Return every line from the records below in which the word "Rectangle" is found.

• _Dataset records_:

-.-.-

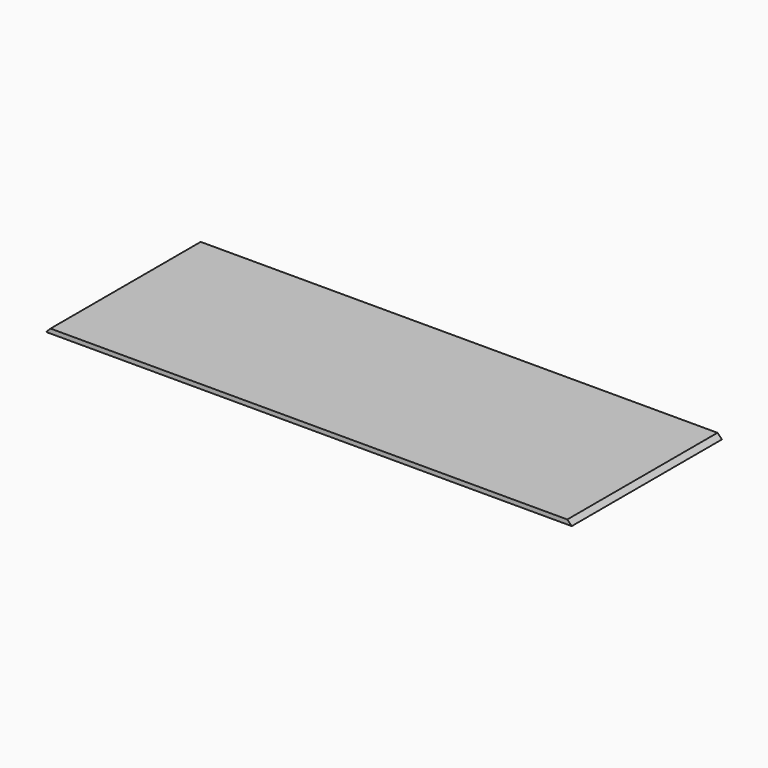
from build123d import *

# Parameters (mm, degrees)
F0_W     = 2133.6
F0_H     = 762
F1_DEPTH = 17.99844
F2_SIZE  = 17.99843


# Not quite as in the source:
# - a fillet or chamfer is up to 0.001 mm smaller than in the source, because OpenCascade refuses the exact size


with BuildPart() as f1:
    # F0 (on Top) → F1 (new body)
    with BuildSketch(Plane.XY):
        with Locations((1066.8, 381)):
            Rectangle(F0_W, F0_H)
    extrude(amount=F1_DEPTH)

    # F2 (size 17.99844 in the source; OpenCascade refuses exactly that, so slightly less here)
    f2_edges = [f1.edges().sort_by_distance(p)[0] for p in [
        (2133.6, 381, 17.99844),
        (0, 381, 17.99844),
    ]]
    chamfer(f2_edges, length=F2_SIZE)


solid = f1.part
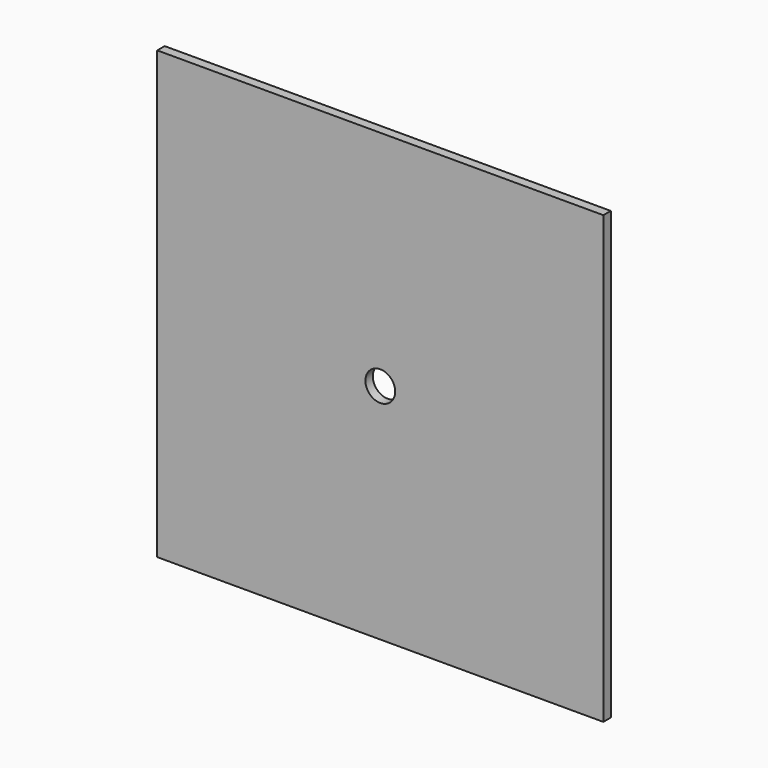
from build123d import *

# Parameters (mm, degrees)
F0_W     = 76.2
F0_H     = 76.2
F1_DEPTH = 1.5875
F2_R     = 2.54
F3_DEPTH = 25.4


# Not quite as in the source:
# - a length typed as a fraction of an inch, garbled in the dataset ("3 / 203.2 mm" for 3/8 in), is restored


with BuildPart() as f1:
    # F0 (on Front) → F1 (new body)
    with BuildSketch(Plane.XZ):
        Rectangle(F0_W, F0_H)
    extrude(amount=F1_DEPTH)

    # F2 (on face) → F3 (cut)
    with BuildSketch(Plane.XZ.offset(1.5875)):
        Circle(F2_R)
    extrude(amount=-F3_DEPTH, mode=Mode.SUBTRACT)


solid = f1.part

-.-.-

• _Reply_:
            Rectangle(F0_W, F0_H)
        Rectangle(F0_W, F0_H)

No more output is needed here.